Y, respecto a los ingredientes, libertad. La receta permite ajustar al gusto la cantidad de cada uno de ellos, prescindir de aquellos que no gusten o cambiar por otros como melva en aceite, pollo desmigado…
La única regla que conviene no saltarse es la de no pasarse con la mayonesa al ligar la ensaladilla, porque entonces acabaría siendo lo contrario de lo que se pretende: una receta fresca y ligera que solucione una comida o cena de verano sin esfuerzo.
Una receta rica en proteínas
Esta propuesta de Isabel destaca por su alto contenido en proteínas y escaso en hidratos de carbono, mientras que la carga calórica y de grasa depende sobre todo de la mano con la mayonesa.

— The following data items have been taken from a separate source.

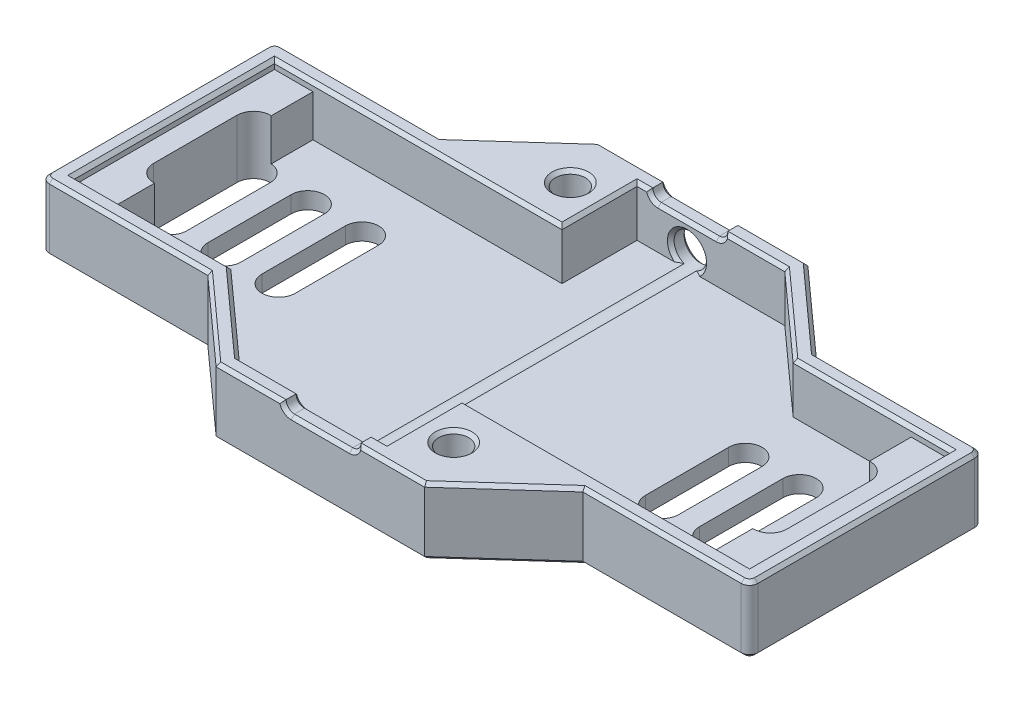
SolidWorks part; units mm, degrees
ref_plane "Front Plane" through (0, 0, 0) normal (0, 0, 1) x (1, 0, 0)
ref_plane "Top Plane" through (0, 0, 0) normal (0, 1, 0) x (1, 0, 0)
ref_plane "Right Plane" through (0, 0, 0) normal (1, 0, 0) x (0, 0, -1)
sketch "Sketch1" plane through (0, 0, 0) normal (0, 1, 0) x (1, 0, 0)
  line L2 (0, 61.021) -> (0, -61.021) construction
  line L4 (-42.5, 13) -> (-42.5, -13)
  line L6 (42.5, 13) -> (42.5, -13)
  line L7 (-64.4166, 0) -> (64.4166, 0) construction
  line L8 (-12.5, 23) -> (12.5, 23)
  line L9 (12.5, 23) -> (22.5, 14)
  line L11 (-22.5, -14) -> (-12.5, -23)
  line L12 (-12.5, -23) -> (12.5, -23)
  line L13 (12.5, -23) -> (22.5, -14)
  line L17 (22.5, 14) -> (41.5, 14)
  line L18 (41.5, -14) -> (22.5, -14)
  line L21 (-22.5, -14) -> (-41.5, -14)
  line L22 (-41.5, 14) -> (-22.5, 14)
  line L23 (-22.5, 14) -> (-12.5, 23)
  arc A0 (41.5, 14) -> (42.5, 13) centre (41.5, 13) cw
  arc A1 (41.5, -14) -> (42.5, -13) centre (41.5, -13) ccw
  arc A2 (-42.5, -13) -> (-41.5, -14) centre (-41.5, -13) ccw
  arc A3 (-41.5, 14) -> (-42.5, 13) centre (-41.5, 13) ccw
  point P0 (0, 0)
  point P1 (22.5, 14)
  point P2 (22.5, -14)
  point P3 (-22.5, -14)
  point P25 (0, 0)
  dimension "D3" = 1
  dimension "D4" = 23
  dimension "D1" = 45
  dimension "D2" = 25
  dimension "D5" = 85
  dimension "D6" = 28
sketch "Sketch3" [suppressed] plane through (0, 0, 0) normal (0, 1, 0) x (1, 0, 0)
  line L0 (0, 54.1428) -> (0, -67.8993) construction
  line L1 (-64.1281, 0) -> (64.7051, 0) construction
  line L2 (-12.5, 23) -> (12.5, 23)
  line L3 (12.5, 23) -> (22.5, 14)
  line L6 (-22.5, 14) -> (-12.5, 23)
  line L7 (-22.5, -14) -> (-12.5, -23)
  line L9 (-12.5, -23) -> (12.5, -23)
  line L10 (12.5, -23) -> (22.5, -14)
  line L11 (-22.5, 14) -> (-22.5, -14)
  line L12 (22.5, -14) -> (22.5, 14)
  dimension "D1" = 45
  dimension "D2" = 25
  dimension "D3" = 23
extrude "Boss-Extrude1" add sketch "Sketch1" along normal blind 7 and the other way blind 1
shell "Shell1" thickness 2 removed face at (0, 7, 0)
sketch "Sketch6" plane through (0, 0, 0) normal (0, 1, 0) x (1, 0, 0)
  line L0 (-21.7325, 12) -> (-6, 12)
  line L1 (-6, 12) -> (-6, 21)
  line L2 (11.7325, 21) -> (-11.7325, 21) construction
  line L3 (-6, 21) -> (-11.7325, 21)
  line L4 (-11.7325, 21) -> (-21.7325, 12)
  line L5 (11.7325, -21) -> (21.7325, -12)
  line L6 (21.7325, -12) -> (6, -12)
  line L7 (6, -12) -> (6, -21)
  line L8 (-11.7325, -21) -> (11.7325, -21) construction
  line L9 (6, -21) -> (11.7325, -21)
  dimension "D1" = 6
  dimension "D2" = 6
sketch "fastener screw holes" plane through (0, 0, 0) normal (0, 1, 0) x (1, 0, 0)
  line L0 (0, 38.3944) -> (0, -51.1968) construction
  line L1 (-52.5959, 0) -> (65.7321, 0) construction
  circle A0 centre (10, -17) radius 1.8
  circle A1 centre (-10, 17) radius 1.8
  point P4 (10, -17.0266)
  point P9 (-8.4114, 17.1303)
  dimension "D5" = 3.6
  dimension "D1" = 10
  dimension "D2" = 10
  dimension "D3" = 17
  dimension "D4" = 17
extrude "Boss-Extrude2" add sketch "Sketch6" along normal blind 7
extrude "Cut-Extrude1" cut sketch "fastener screw holes" along normal up to surface and the other way up to surface up to face at (0, 7, 0) other way up to face at (0, -1, 0)
sketch "cable exit hole" plane through (0, 0, 0) normal (0, 0, 1) x (1, 0, 0)
  circle A0 centre (0, 2.8) radius 1.95
  point P2 (0, 0)
  dimension "D2" = 3.9
  dimension "D1" = 2.8
extrude "Cut-Extrude2" cut sketch "cable exit hole" against normal up to surface and the other way up to surface contours A0 up to face at (0, 3, -23) other way up to face at (-2.8663, 4, 21)
sketch "Sketch7" plane through (0, 0, 0) normal (0, 0, 1) x (1, 0, 0)
  line L0 (0, 26.5192) -> (0, -25.5049) construction
  line L1 (-24.2779, 0) -> (28.8134, 0) construction
  line L6 (-3.5, 25) -> (3.5, 25)
  line L9 (-4.5, 24) -> (-4.5, 7)
  line L10 (-3.5, 6) -> (3.5, 6)
  line L11 (4.5, 24) -> (4.5, 7)
  arc A4 (3.5, 6) -> (4.5, 7) centre (3.5, 7) ccw
  arc A5 (-4.5, 7) -> (-3.5, 6) centre (-3.5, 7) ccw
  arc A6 (3.5, 25) -> (4.5, 24) centre (3.5, 24) cw
  arc A7 (-3.5, 25) -> (-4.5, 24) centre (-3.5, 24) ccw
  point P5 (0, 0)
  point P6 (0, 0)
  dimension "D1" = 1
  dimension "D2" = 9
  dimension "D3" = 19
  dimension "D4" = 6
extrude "Cut-Extrude3" cut sketch "Sketch7" against normal blind 27 and the other way blind 27
chamfer "Chamfer2" distance 0.4 angle 45 66 edges at (-32, -1, -14) (-42.2071, -1, -13.7071) (-42.5, -1, 0) (-42.2071, -1, 13.7071) (-32, -1, 14) (-17.5, -1, 18.5) (0, -1, 23) (17.5, -1, 18.5) (32, -1, 14) (42.2071, -1, 13.7071) (42.5, -1, 0) (42.2071, -1, -13.7071) (32, -1, -14) (17.5, -1, -18.5) (0, -1, -23) (-17.5, -1, -18.5) (10, -1, 15.2) (10, 7, 15.2) (-10, -1, -18.8) (-10, 7, -18.8) (0, 4.75, -21) (-1.95, 2.8, -23) (4.2071, 6.2929, -21) (-4.2071, 6.2929, -21) (0, 6, -21) (8.1163, 7, -21) (16.7325, 7, -16.5) (31.1163, 7, -12) (40.5, 7, 0) (5.25, 7, 21) (6, 7, 16.5) (23.25, 7, 12) (4.2071, 6.2929, 21) (0, 6, 21) (-5.25, 7, -21) (-6, 7, -16.5) (-23.25, 7, -12) (-40.5, 7, 0) (-4.2071, 6.2929, 21) (-8.1163, 7, 21) (-31.1163, 7, 12) (-16.7325, 7, 16.5) (-4.2071, 6.2929, 23) (4.2071, 6.2929, 23) (0, 6, 23) (-32, 7, -14) (-42.2071, 7, -13.7071) (-8.5, 7, 23) (-17.5, 7, 18.5) (-32, 7, 14) (-42.2071, 7, 13.7071) (-42.5, 7, 0) (-8.5, 7, -23) (-17.5, 7, -18.5) (4.2071, 6.2929, -23) (-4.2071, 6.2929, -23) (0, 6, -23) (32, 7, 14) (42.2071, 7, 13.7071) (8.5, 7, -23) (17.5, 7, -18.5) (32, 7, -14) (42.2071, 7, -13.7071) (42.5, 7, 0) (17.5, 7, 18.5) (8.5, 7, 23)
sketch "Sketch8" plane through (0, 0, 0) normal (0, 1, 0) x (1, 0, 0)
  line L0 (-40.9, 12.4) -> (-35.8851, 12.4)
  line L1 (-40.9, 12.4) -> (-6.4, 12.4) construction
  line L2 (-35.8851, 12.4) -> (-35.8851, -12.4)
  line L3 (-21.886, -12.4) -> (-40.9, -12.4) construction
  line L4 (-35.8851, -12.4) -> (-40.9, -12.4)
  line L5 (-40.9, -12.4) -> (-40.9, 12.4)
  line L6 (40.9, -12.4) -> (35.8946, -12.4)
  line L7 (40.9, -12.4) -> (6.4, -12.4) construction
  line L8 (35.8946, -12.4) -> (35.8946, 12.4)
  line L9 (21.886, 12.4) -> (40.9, 12.4) construction
  line L10 (35.8946, 12.4) -> (40.9, 12.4)
  line L11 (40.9, 12.4) -> (40.9, -12.4)
extrude "Boss-Extrude3" add sketch "Sketch8" along normal blind 6
sketch "Sketch10" plane through (0, 0, 0) normal (0, 1, 0) x (1, 0, 0)
  line L0 (0, 27.422) -> (0, -31.3035) construction
  line L1 (-47.728, 0) -> (55.5628, 0) construction
  line L2 (-36, -5) -> (-36, 5) construction
  line L3 (-38, -5) -> (-38, 5)
  line L4 (-34, -5) -> (-34, 5)
  line L5 (-29.5, -5) -> (-29.5, 5) construction
  line L6 (-31.5, -5) -> (-31.5, 5)
  line L7 (-27.5, -5) -> (-27.5, 5)
  line L8 (-23, -5) -> (-23, 5) construction
  line L9 (-25, -5) -> (-25, 5)
  line L10 (-21, -5) -> (-21, 5)
  line L11 (23, -5) -> (23, 5) construction
  line L12 (21, -5) -> (21, 5)
  line L13 (25, -5) -> (25, 5)
  line L14 (29.5, -5) -> (29.5, 5) construction
  line L15 (27.5, -5) -> (27.5, 5)
  line L16 (31.5, -5) -> (31.5, 5)
  line L17 (36, -5) -> (36, 5) construction
  line L18 (34, -5) -> (34, 5)
  line L19 (38, -5) -> (38, 5)
  arc A0 (-38, -5) -> (-34, -5) centre (-36, -5) ccw
  arc A1 (-34, 5) -> (-38, 5) centre (-36, 5) ccw
  arc A2 (-31.5, -5) -> (-27.5, -5) centre (-29.5, -5) ccw
  arc A3 (-27.5, 5) -> (-31.5, 5) centre (-29.5, 5) ccw
  arc A4 (-25, -5) -> (-21, -5) centre (-23, -5) ccw
  arc A5 (-21, 5) -> (-25, 5) centre (-23, 5) ccw
  arc A6 (21, -5) -> (25, -5) centre (23, -5) ccw
  arc A7 (25, 5) -> (21, 5) centre (23, 5) ccw
  arc A8 (27.5, -5) -> (31.5, -5) centre (29.5, -5) ccw
  arc A9 (31.5, 5) -> (27.5, 5) centre (29.5, 5) ccw
  arc A10 (34, -5) -> (38, -5) centre (36, -5) ccw
  arc A11 (38, 5) -> (34, 5) centre (36, 5) ccw
  point P7 (-36, 0)
  point P13 (-29.5, 0)
  point P20 (-23, 0)
  point P27 (23, 0)
  point P34 (29.5, 0)
  point P41 (36, 0)
  point P47 (0, 0)
  point P48 (0, 0)
  point P49 (0, 0)
  dimension "D2" = 2
  dimension "D1" = 10
  dimension "D3" = 6.5
  dimension "D4" = 6.5
extrude "Cut-Extrude5" cut sketch "Sketch10" against normal blind 7 and the other way blind 7

Quienes deseen preparar una versión aún más ligera, pueden usar atún al natural, moderar la cobertura o sustituir parte de la mayonesa por yogur. El punto a vigilar es la sal, ya que el jamón cocido, el surimi, las aceitunas y la propia mayonesa la contienen en su composición.
Ingredientes
Ingredientes
- Jamón York cocido, 6 lonchas
- Huevos cocidos, 2 ud
- Palitos de surimi o palitos de cangrejo, 4 ud
- Atún o melva en conserva, 1 lata pequeña
- Pimientos asados en conserva, al gusto
- Aceitunas deshuesadas, al gusto
- Lechuga, ½ ud
- Mayonesa, al gusto
- Sal, 1 pizca
Paso 1
Cocemos los huevos y los pelamos. Reservamos una de las yemas para decorar y picamos el resto bien fino.
Paso 2
Cubrimos un plato o una fuente con una cama de lechuga muy picada en tiras y la reservamos.
Paso 3
En un bol amplio ponemos otra parte de la lechuga picada, las aceitunas picadas y los pimientos asados cortado en tiras finas. Podemos reservar una pequeña cantidad para decorar.
Paso 4
Añadimos el atún escurrido y los palitos de surimi cortados en trozos pequeños.
Paso 5
Incorporamos el huevo picado al bol, ajustamos el punto de sal y lo integramos todo.
Paso 6
Añadimos una buena cucharada de mayonesa y mezclamos hasta obtener un relleno cremoso, pero no demasiado jugoso.
Paso 7
Extendemos las lonchas de jamón sobre una tabla limpia y repartimos una cucharada de relleno en cada una.
Paso 8
Enrollamos cada loncha y la colocamos sobre la cama de lechuga con el pliegue hacia abajo.
Paso 9
Napamos los rollitos con un poco de mayonesa por encima y rallamos la yema reservada sobre ellos.
Paso 10
Terminamos de decorar con las tiras de pimiento y las aceitunas.
Surimi: qué es realmente el "palito de cangrejo"
El ingrediente de esta receta que más suele despistar es el surimi, que en España lo conocemos como palitos de cangrejo, pero que ni de lejos lleva cangrejo.
Es una pasta de pescado blanco, habitualmente abadejo de Alaska o merluza, del que se separa la carne, se le retira piel y espinas y se lava repetidamente para eliminar grasa y otros componentes hasta dejar una masa de proteína prácticamente pura.
A esa pasta se le añaden almidón, sal, azúcar, clara de huevo, aromas y colorantes para dar textura, sabor y ese característico borde anaranjado, y después se moldea, se cuece y se enfría. En función de lo que indique la etiqueta sobre la cantidad de estos, estaremos ante un producto más o menos procesado.
Su origen, por extraño que parezca, es muy antiguo, pues los pescadores japoneses ya trituraban y conservaban pescado en pasta hace siglos, aunque el surimi tal y como lo conocemos, congelado y estabilizado para su producción industrial, se desarrolló en Japón a mediados del siglo XX.
Hoy la mayor parte del surimi que se vende en España se destina a la elaboración de sucedáneos. El más conocido es el palito que imita al cangrejo, pero también se elaboran gulas (sucedáneo de angula o bocados con sabor y forma de cola de langosta.
Su éxito se debe a que es un producto accesible y asequible, cómodo y válido como fuente de proteínas para un consumo ocasional.